■ Exercise prompt: Retype exactly what runs from the first line of the data to the line with "doc.layers.add(name, color=color, linetype=linetype)", keeping both of those lines and skipping pictures.

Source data
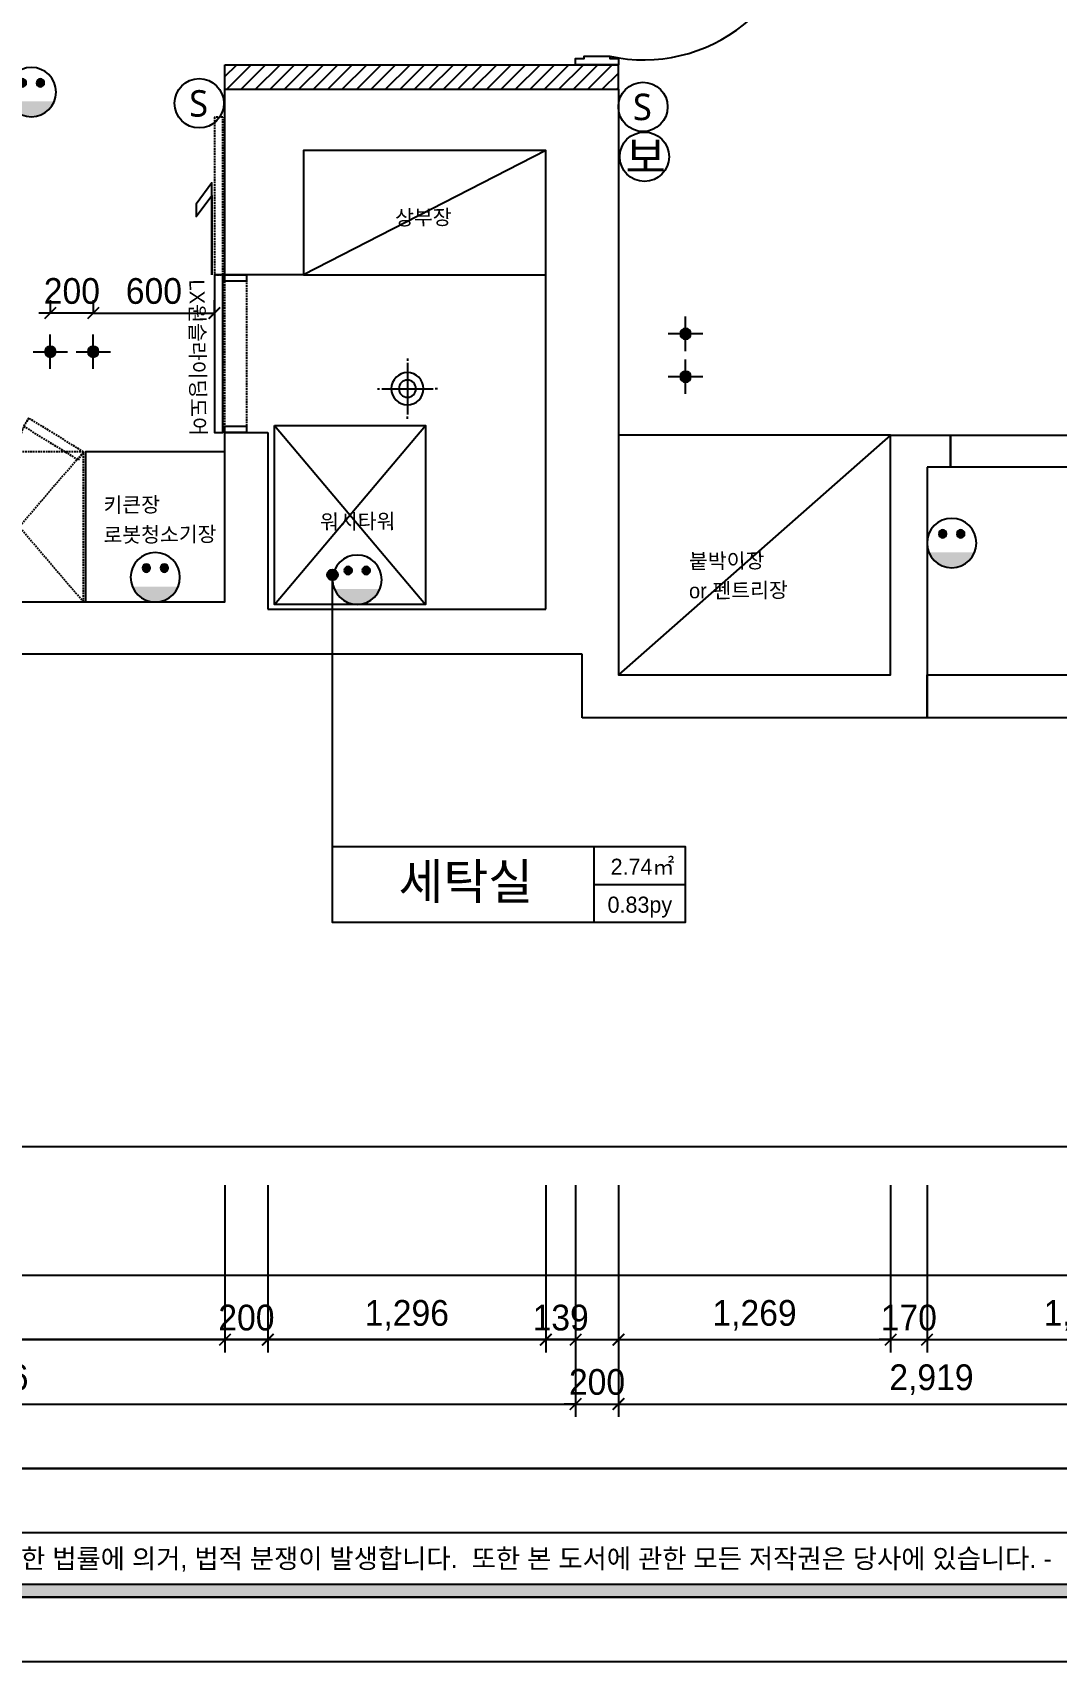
# Model space of a CAD drawing. Header units: millimetres. Extents: x 744 to 27144, y 914 to 19934.
# Drawn here: x 12989 to 17764, y 1514 to 9107 of the extents above; entities that cross this region are included whole.
import ezdxf
from ezdxf.enums import TextEntityAlignment as Align

# ---------------------------------------------------------------- set-up
doc = ezdxf.new("R2010")
doc.units = ezdxf.units.MM
doc.header["$LTSCALE"] = 10
doc.linetypes.add('DH-HID2', pattern=[1.2, 0.8, -0.4])
for name, color, linetype in [('0-ELC TEXT', 7, 'Continuous'), ('03-TEXT', 3, 'Continuous'), ('CEIL-DOOR', 6, 'Continuous'), ('CO-DO-FR', 7, 'Continuous'), ('CO-DOOR', 8, 'Continuous'), ('FORM(YOURNAME)-1', 1, 'Continuous'), ('FORM(YOURNAME)-11', 1, 'Continuous'), ('FU-FURM', 251, 'DH-HID2'), ('HAT', 5, 'Continuous'), ('RC-LIGHT', 7, 'Continuous'), ('U-LANP', 6, 'Continuous'), ('가구', 6, 'Continuous'), ('내부벽체선', 3, 'Continuous'), ('설비', 140, 'Continuous'), ('외부벽체선', 2, 'Continuous'), ('창호', 4, 'Continuous'), ('치수선', 5, 'Continuous')]:
    doc.layers.add(name, color=color, linetype=linetype)
doc.styles.get("Standard").update_dxf_attribs({"font": 'arial.ttf'})
doc.styles.add('YOURNAME', font='Dotum.ttf')
doc.styles.add('차영규', font='조선일보명조.ttf')
doc.styles.add('코레일둥고', font='조선일보명조.ttf')
doc.dimstyles.new('YOURNAME-60', dxfattribs={"dimscale": 60, "dimtxt": 2, "dimasz": 0.9, "dimexe": 1, "dimexo": 3, "dimgap": 0.7, "dimtad": 1, "dimdec": 0, "dimzin": 0, "dimdsep": 46, "dimlunit": 6, "dimtxsty": 'YOURNAME', "dimblk": 'ARCHTICK', "dimcen": 0, "dimclrd": 1, "dimclre": 1, "dimclrt": 7, "dimadec": 0, "dimazin": 0, "dimtfac": 1, "dimtdec": 0, "dimtix": 1, "dimtmove": 2, "dimatfit": 3, "dimldrblk": 'ARCHTICK', "dimfxl": 1, "dimtolj": 1, "dimtzin": 0, "dimarcsym": 0})

# ---------------------------------------------------------------- blocks, each defined once
blk = doc.blocks.new('FORM-ELEVATION')
at = {"layer": 'FORM(YOURNAME)-11'}
h = blk.add_hatch(color=256, dxfattribs=at)
h.dxf.hatch_style = 1
h.paths.add_polyline_path([(-10309, 35708), (71691, 35708), (71691, 35508), (-10309, 35508)])
h.paths.add_polyline_path([(-10309, -21492), (71691, -21492), (71691, -21692), (-10309, -21692)])
at = {"layer": 'Defpoints', "color": 158}
blk.add_line((62481, -20692), (-10309, -20692), dxfattribs=at)
for points in [[(-10309, -21692), (71691, -21692), (71691, 35708), (-10309, 35708)], [(-8309, 33708), (61071, 33708), (61071, -19692), (-8309, -19692)]]:
    blk.add_lwpolyline(points, close=True, dxfattribs=at)
at = {"layer": 'FORM(YOURNAME)-11', "color": 250}
blk.add_lwpolyline([(-11309, -22692), (72691, -22692), (72691, 36708), (-11309, 36708)], close=True, dxfattribs=at)
at = {"layer": 'FORM(YOURNAME)-11'}
blk.add_lwpolyline([(-10309, -21492), (71691, -21492), (71691, -21692), (-10309, -21692)], close=True, dxfattribs=at)
at = {"layer": 'FORM(YOURNAME)-11', "color": 1, "style": 'YOURNAME'}
blk.add_text("- 본 도서는 어떠한 경우에도 무단으로 도용할 수 없으며 도용시 '지적재산권' 보호에 관한 법률에 의거, 법적 분쟁이 발생합니다.  또한 본 도서에 관한 모든 저작권은 당사에 있습니다. -", height=300, dxfattribs=at).set_placement((28146, -21092), align=Align.MIDDLE_CENTER)
at = {"layer": 'FORM(YOURNAME)-11', "color": 3, "style": 'YOURNAME'}
for tag, height, p in [('1', 451, (71041, -1219)), ('2', 451, (71041, -1863)), ('3', 451, (71041, -3150)), ('4', 451, (71041, -5081)), ('5', 515, (71041, -7398)), ('6', 515, (71041, -9650)), ('7', 515, (71041, -11903)), ('8', 515, (71041, -14155)), ('9', 515, (71041, -16408)), ('10', 515, (66791, -18596)), ('11', 515, (71041, -18660)), ('12', 515, (66791, -20848)), ('13', 515, (71041, -20848))]:
    blk.add_attdef(tag, text='', height=height, dxfattribs=at).set_placement(p, align=Align.MIDDLE_RIGHT)
blk = doc.blocks.new('BUDDDD')
at = {"layer": 'CO-DO-FR'}
for points in [[(15721.4, 8957.1), (15521.4, 8957.1), (15521.4, 8987.1), (15561.4, 8987.1), (15561.4, 8997.1), (15681.4, 8997.1), (15681.4, 8987.1), (15721.4, 8987.1), (15721.4, 8957.1)], [(13986.4, 7978.1), (13986.4, 7948.1), (13886.4, 7948.1), (13886.4, 7978.1)], [(13986.4, 7273.1), (13986.4, 7243.1), (13886.4, 7243.1), (13886.4, 7273.1)]]:
    blk.add_lwpolyline(points, close=True, dxfattribs=at)
at = {"layer": 'CO-DOOR', "color": 251, "linetype": 'DH-HID2'}
for points in [[(13837.1, 8713.1), (13837.1, 7978.1), (13877.1, 7978.1), (13877.1, 8713.1)], [(13986.4, 7978.1), (13986.4, 7243.1), (13886.4, 7243.1), (13886.4, 7978.1)]]:
    blk.add_lwpolyline(points, close=True, dxfattribs=at)
at = {"layer": 'CO-DOOR', "color": 1}
blk.add_lwpolyline([(13824.3, 7977.4), (13824.3, 8406.6), (13752, 8308), (13752, 8249.6), (13824.3, 8348.2), (13824.3, 7977.4)], close=True, dxfattribs=at)
at = {"layer": 'CO-DOOR'}
blk.add_lwpolyline([(13837.1, 7978.1), (13837.1, 7243.1), (13877.1, 7243.1), (13877.1, 7978.1)], close=True, dxfattribs=at)
blk.add_arc((15838.8, 9728), 747.6, 257.84501, 359.24261, dxfattribs=at)
at = {"layer": '외부벽체선'}
for p, q in [((13886.4, 7978.1), (13886.4, 8843.1)), ((13886.4, 8843.1), (15721.4, 8843.1)), ((15721.4, 8843.1), (15721.4, 6113.1)), ((15382.4, 8558.1), (14252.4, 8558.1)), ((14252.4, 8558.1), (14252.4, 7978.1)), ((15382.4, 6419.1), (15382.4, 8558.1)), ((14252.4, 7978.1), (13886.4, 7978.1)), ((13886.4, 6453.1), (13886.4, 7243.1)), ((13886.4, 7243.1), (14086.4, 7243.1)), ((14086.4, 7243.1), (14086.4, 6419.1)), ((16990.4, 6113.1), (16990.4, 7231.1)), ((16990.4, 7231.1), (17270.4, 7231.1)), ((17270.4, 7231.1), (17270.4, 7081.1)), ((17270.4, 7081.1), (17160.4, 7081.1)), ((17160.4, 7081.1), (17160.4, 5913.1)), ((10025.4, 6453.1), (13886.4, 6453.1)), ((14086.4, 6419.1), (15382.4, 6419.1)), ((15551.4, 6209.1), (9385.4, 6209.1)), ((15551.4, 5913.1), (15551.4, 6209.1)), ((15721.4, 6113.1), (16990.4, 6113.1)), ((17160.4, 5913.1), (15551.4, 5913.1))]:
    blk.add_line(p, q, dxfattribs=at)
at = {"layer": '창호'}
for points in [[(17270.4, 7231.1), (18636.8, 7231.1), (18637.2, 7081.1), (17270.4, 7081.1)], [(17160.4, 6113.1), (18640.4, 6113.1), (18640.4, 5913.1), (17160.4, 5913.1)]]:
    blk.add_lwpolyline(points, close=True, dxfattribs=at)
blk = doc.blocks.new('_ArchTick')
at = {"color": 0, "linetype": 'ByBlock', "const_width": 0.15}
blk.add_lwpolyline([(-0.5, -0.5), (0.5, 0.5)], dxfattribs=at)
blk = doc.blocks.new('*D28')
at = {"layer": 'Defpoints', "color": 0, "transparency": 16777216}
for p in [(6727.4, 3914.1), (18640.4, 3914.1), (18640.4, 2414.1)]:
    blk.add_point(p, dxfattribs=at)
at = {"layer": '치수선', "color": 1, "lineweight": -2, "transparency": 16777216}
for p, q in [((6727.4, 3734.1), (6727.4, 2354.1)), ((18640.4, 3734.1), (18640.4, 2354.1)), ((6727.4, 2414.1), (18640.4, 2414.1))]:
    blk.add_line(p, q, dxfattribs=at)
at = {"layer": '치수선', "color": 1, "lineweight": -2, "transparency": 16777216, "xscale": 54, "yscale": 54, "zscale": 54, "rotation": 180}
blk.add_blockref('_ArchTick', (6727.4, 2414.1), dxfattribs=at)
at = {"layer": '치수선', "color": 1, "lineweight": -2, "transparency": 16777216, "xscale": 54, "yscale": 54, "zscale": 54}
blk.add_blockref('_ArchTick', (18640.4, 2414.1), dxfattribs=at)
at = {"layer": '치수선', "color": 7, "transparency": 16777216, "insert": (12683.9, 2527.7), "char_height": 120, "attachment_point": 5, "style": 'YOURNAME'}
blk.add_mtext('\\A1;11,913', dxfattribs=at)
blk = doc.blocks.new('*D29')
at = {"layer": 'Defpoints', "color": 0, "transparency": 16777216}
for p in [(15721.4, 3914.1), (18640.4, 3914.1), (18640.4, 2714.1)]:
    blk.add_point(p, dxfattribs=at)
at = {"layer": '치수선', "color": 1, "lineweight": -2, "transparency": 16777216}
for p, q in [((15721.4, 3734.1), (15721.4, 2654.1)), ((18640.4, 3734.1), (18640.4, 2654.1)), ((15721.4, 2714.1), (18640.4, 2714.1))]:
    blk.add_line(p, q, dxfattribs=at)
at = {"layer": '치수선', "color": 1, "lineweight": -2, "transparency": 16777216, "xscale": 54, "yscale": 54, "zscale": 54, "rotation": 180}
blk.add_blockref('_ArchTick', (15721.4, 2714.1), dxfattribs=at)
at = {"layer": '치수선', "color": 1, "lineweight": -2, "transparency": 16777216, "xscale": 54, "yscale": 54, "zscale": 54}
blk.add_blockref('_ArchTick', (18640.4, 2714.1), dxfattribs=at)
at = {"layer": '치수선', "color": 7, "transparency": 16777216, "insert": (17180.9, 2827.7), "char_height": 120, "attachment_point": 5, "style": 'YOURNAME'}
blk.add_mtext('\\A1;2,919', dxfattribs=at)
blk = doc.blocks.new('*D30')
at = {"layer": 'Defpoints', "color": 0, "transparency": 16777216}
for p in [(17160.4, 3914.1), (18640.4, 3914.1), (18640.4, 3014.1)]:
    blk.add_point(p, dxfattribs=at)
at = {"layer": '치수선', "color": 1, "lineweight": -2, "transparency": 16777216}
for p, q in [((17160.4, 3734.1), (17160.4, 2954.1)), ((18640.4, 3734.1), (18640.4, 2954.1)), ((17160.4, 3014.1), (18640.4, 3014.1))]:
    blk.add_line(p, q, dxfattribs=at)
at = {"layer": '치수선', "color": 1, "lineweight": -2, "transparency": 16777216, "xscale": 54, "yscale": 54, "zscale": 54, "rotation": 180}
blk.add_blockref('_ArchTick', (17160.4, 3014.1), dxfattribs=at)
at = {"layer": '치수선', "color": 1, "lineweight": -2, "transparency": 16777216, "xscale": 54, "yscale": 54, "zscale": 54}
blk.add_blockref('_ArchTick', (18640.4, 3014.1), dxfattribs=at)
at = {"layer": '치수선', "color": 7, "transparency": 16777216, "insert": (17900.4, 3127.7), "char_height": 120, "attachment_point": 5, "style": 'YOURNAME'}
blk.add_mtext('\\A1;1,480', dxfattribs=at)
blk = doc.blocks.new('*D31')
at = {"layer": 'Defpoints', "color": 0, "transparency": 16777216}
for p in [(16990.4, 3914.1), (17160.4, 3914.1), (17160.4, 3014.1)]:
    blk.add_point(p, dxfattribs=at)
at = {"layer": '치수선', "color": 1, "lineweight": -2, "transparency": 16777216}
for p, q in [((16990.4, 3734.1), (16990.4, 2954.1)), ((17160.4, 3734.1), (17160.4, 2954.1)), ((16990.4, 3014.1), (16936.4, 3014.1)), ((16990.4, 3014.1), (17160.4, 3014.1)), ((17160.4, 3014.1), (17214.4, 3014.1))]:
    blk.add_line(p, q, dxfattribs=at)
at = {"layer": '치수선', "color": 1, "lineweight": -2, "transparency": 16777216, "xscale": 54, "yscale": 54, "zscale": 54}
blk.add_blockref('_ArchTick', (16990.4, 3014.1), dxfattribs=at)
at = {"layer": '치수선', "color": 1, "lineweight": -2, "transparency": 16777216, "xscale": 54, "yscale": 54, "zscale": 54, "rotation": 180}
blk.add_blockref('_ArchTick', (17160.4, 3014.1), dxfattribs=at)
at = {"layer": '치수선', "color": 7, "transparency": 16777216, "insert": (17075.4, 3116.2), "char_height": 120, "attachment_point": 5, "style": 'YOURNAME'}
blk.add_mtext('\\A1;170', dxfattribs=at)
blk = doc.blocks.new('*D32')
at = {"layer": 'Defpoints', "color": 0, "transparency": 16777216}
for p in [(15721.4, 3914.1), (16990.4, 3914.1), (16990.4, 3014.1)]:
    blk.add_point(p, dxfattribs=at)
at = {"layer": '치수선', "color": 1, "lineweight": -2, "transparency": 16777216}
for p, q in [((15721.4, 3734.1), (15721.4, 2954.1)), ((16990.4, 3734.1), (16990.4, 2954.1)), ((15721.4, 3014.1), (16990.4, 3014.1))]:
    blk.add_line(p, q, dxfattribs=at)
at = {"layer": '치수선', "color": 1, "lineweight": -2, "transparency": 16777216, "xscale": 54, "yscale": 54, "zscale": 54, "rotation": 180}
blk.add_blockref('_ArchTick', (15721.4, 3014.1), dxfattribs=at)
at = {"layer": '치수선', "color": 1, "lineweight": -2, "transparency": 16777216, "xscale": 54, "yscale": 54, "zscale": 54}
blk.add_blockref('_ArchTick', (16990.4, 3014.1), dxfattribs=at)
at = {"layer": '치수선', "color": 7, "transparency": 16777216, "insert": (16355.9, 3127.7), "char_height": 120, "attachment_point": 5, "style": 'YOURNAME'}
blk.add_mtext('\\A1;1,269', dxfattribs=at)
blk = doc.blocks.new('*D33')
at = {"layer": 'Defpoints', "color": 0, "transparency": 16777216}
for p in [(10025.4, 3914.1), (15521.4, 3914.1), (15521.4, 2714.1)]:
    blk.add_point(p, dxfattribs=at)
at = {"layer": '치수선', "color": 1, "lineweight": -2, "transparency": 16777216}
for p, q in [((10025.4, 3734.1), (10025.4, 2654.1)), ((15521.4, 3734.1), (15521.4, 2654.1)), ((10025.4, 2714.1), (15521.4, 2714.1))]:
    blk.add_line(p, q, dxfattribs=at)
at = {"layer": '치수선', "color": 1, "lineweight": -2, "transparency": 16777216, "xscale": 54, "yscale": 54, "zscale": 54, "rotation": 180}
blk.add_blockref('_ArchTick', (10025.4, 2714.1), dxfattribs=at)
at = {"layer": '치수선', "color": 1, "lineweight": -2, "transparency": 16777216, "xscale": 54, "yscale": 54, "zscale": 54}
blk.add_blockref('_ArchTick', (15521.4, 2714.1), dxfattribs=at)
at = {"layer": '치수선', "color": 7, "transparency": 16777216, "insert": (12773.4, 2827.7), "char_height": 120, "attachment_point": 5, "style": 'YOURNAME'}
blk.add_mtext('\\A1;5,496', dxfattribs=at)
blk = doc.blocks.new('*D34')
at = {"layer": 'Defpoints', "color": 0, "transparency": 16777216}
for p in [(15382.4, 3914.1), (15521.4, 3914.1), (15382.4, 3014.1)]:
    blk.add_point(p, dxfattribs=at)
at = {"layer": '치수선', "color": 1, "lineweight": -2, "transparency": 16777216}
for p, q in [((15382.4, 3734.1), (15382.4, 2954.1)), ((15521.4, 3734.1), (15521.4, 2954.1)), ((15382.4, 3014.1), (15328.4, 3014.1)), ((15521.4, 3014.1), (15382.4, 3014.1)), ((15521.4, 3014.1), (15575.4, 3014.1))]:
    blk.add_line(p, q, dxfattribs=at)
at = {"layer": '치수선', "color": 1, "lineweight": -2, "transparency": 16777216, "xscale": 54, "yscale": 54, "zscale": 54}
blk.add_blockref('_ArchTick', (15382.4, 3014.1), dxfattribs=at)
at = {"layer": '치수선', "color": 1, "lineweight": -2, "transparency": 16777216, "xscale": 54, "yscale": 54, "zscale": 54, "rotation": 180}
blk.add_blockref('_ArchTick', (15521.4, 3014.1), dxfattribs=at)
at = {"layer": '치수선', "color": 7, "transparency": 16777216, "insert": (15451.9, 3116.2), "char_height": 120, "attachment_point": 5, "style": 'YOURNAME'}
blk.add_mtext('\\A1;139', dxfattribs=at)
blk = doc.blocks.new('*D35')
at = {"layer": 'Defpoints', "color": 0, "transparency": 16777216}
for p in [(14086.4, 3914.1), (15382.4, 3914.1), (14086.4, 3014.1)]:
    blk.add_point(p, dxfattribs=at)
at = {"layer": '치수선', "color": 1, "lineweight": -2, "transparency": 16777216}
for p, q in [((14086.4, 3734.1), (14086.4, 2954.1)), ((15382.4, 3734.1), (15382.4, 2954.1)), ((15382.4, 3014.1), (14086.4, 3014.1))]:
    blk.add_line(p, q, dxfattribs=at)
at = {"layer": '치수선', "color": 1, "lineweight": -2, "transparency": 16777216, "xscale": 54, "yscale": 54, "zscale": 54, "rotation": 180}
blk.add_blockref('_ArchTick', (14086.4, 3014.1), dxfattribs=at)
at = {"layer": '치수선', "color": 1, "lineweight": -2, "transparency": 16777216, "xscale": 54, "yscale": 54, "zscale": 54}
blk.add_blockref('_ArchTick', (15382.4, 3014.1), dxfattribs=at)
at = {"layer": '치수선', "color": 7, "transparency": 16777216, "insert": (14734.4, 3127.7), "char_height": 120, "attachment_point": 5, "style": 'YOURNAME'}
blk.add_mtext('\\A1;1,296', dxfattribs=at)
blk = doc.blocks.new('*D36')
at = {"layer": 'Defpoints', "color": 0, "transparency": 16777216}
for p in [(13886.4, 3914.1), (14086.4, 3914.1), (13886.4, 3014.1)]:
    blk.add_point(p, dxfattribs=at)
at = {"layer": '치수선', "color": 1, "lineweight": -2, "transparency": 16777216}
for p, q in [((13886.4, 3734.1), (13886.4, 2954.1)), ((14086.4, 3734.1), (14086.4, 2954.1)), ((13886.4, 3014.1), (13832.4, 3014.1)), ((14086.4, 3014.1), (13886.4, 3014.1)), ((14086.4, 3014.1), (14140.4, 3014.1))]:
    blk.add_line(p, q, dxfattribs=at)
at = {"layer": '치수선', "color": 1, "lineweight": -2, "transparency": 16777216, "xscale": 54, "yscale": 54, "zscale": 54}
blk.add_blockref('_ArchTick', (13886.4, 3014.1), dxfattribs=at)
at = {"layer": '치수선', "color": 1, "lineweight": -2, "transparency": 16777216, "xscale": 54, "yscale": 54, "zscale": 54, "rotation": 180}
blk.add_blockref('_ArchTick', (14086.4, 3014.1), dxfattribs=at)
at = {"layer": '치수선', "color": 7, "transparency": 16777216, "insert": (13986.4, 3116.2), "char_height": 120, "attachment_point": 5, "style": 'YOURNAME'}
blk.add_mtext('\\A1;200', dxfattribs=at)
blk = doc.blocks.new('*D37')
at = {"layer": 'Defpoints', "color": 0, "transparency": 16777216}
for p in [(10025.4, 3914.1), (13886.4, 3914.1), (10025.4, 3014.1)]:
    blk.add_point(p, dxfattribs=at)
at = {"layer": '치수선', "color": 1, "lineweight": -2, "transparency": 16777216}
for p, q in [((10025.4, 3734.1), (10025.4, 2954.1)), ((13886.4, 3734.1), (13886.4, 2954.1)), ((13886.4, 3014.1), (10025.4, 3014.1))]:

■ Result for this exercise:
# Model space of a CAD drawing. Header units: millimetres. Extents: x 744 to 27144, y 914 to 19934.
# Drawn here: x 12989 to 17764, y 1514 to 9107 of the extents above; entities that cross this region are included whole.
import ezdxf
from ezdxf.enums import TextEntityAlignment as Align

# ---------------------------------------------------------------- set-up
doc = ezdxf.new("R2010")
doc.units = ezdxf.units.MM
doc.header["$LTSCALE"] = 10
doc.linetypes.add('DH-HID2', pattern=[1.2, 0.8, -0.4])
for name, color, linetype in [('0-ELC TEXT', 7, 'Continuous'), ('03-TEXT', 3, 'Continuous'), ('CEIL-DOOR', 6, 'Continuous'), ('CO-DO-FR', 7, 'Continuous'), ('CO-DOOR', 8, 'Continuous'), ('FORM(YOURNAME)-1', 1, 'Continuous'), ('FORM(YOURNAME)-11', 1, 'Continuous'), ('FU-FURM', 251, 'DH-HID2'), ('HAT', 5, 'Continuous'), ('RC-LIGHT', 7, 'Continuous'), ('U-LANP', 6, 'Continuous'), ('가구', 6, 'Continuous'), ('내부벽체선', 3, 'Continuous'), ('설비', 140, 'Continuous'), ('외부벽체선', 2, 'Continuous'), ('창호', 4, 'Continuous'), ('치수선', 5, 'Continuous')]:
    doc.layers.add(name, color=color, linetype=linetype)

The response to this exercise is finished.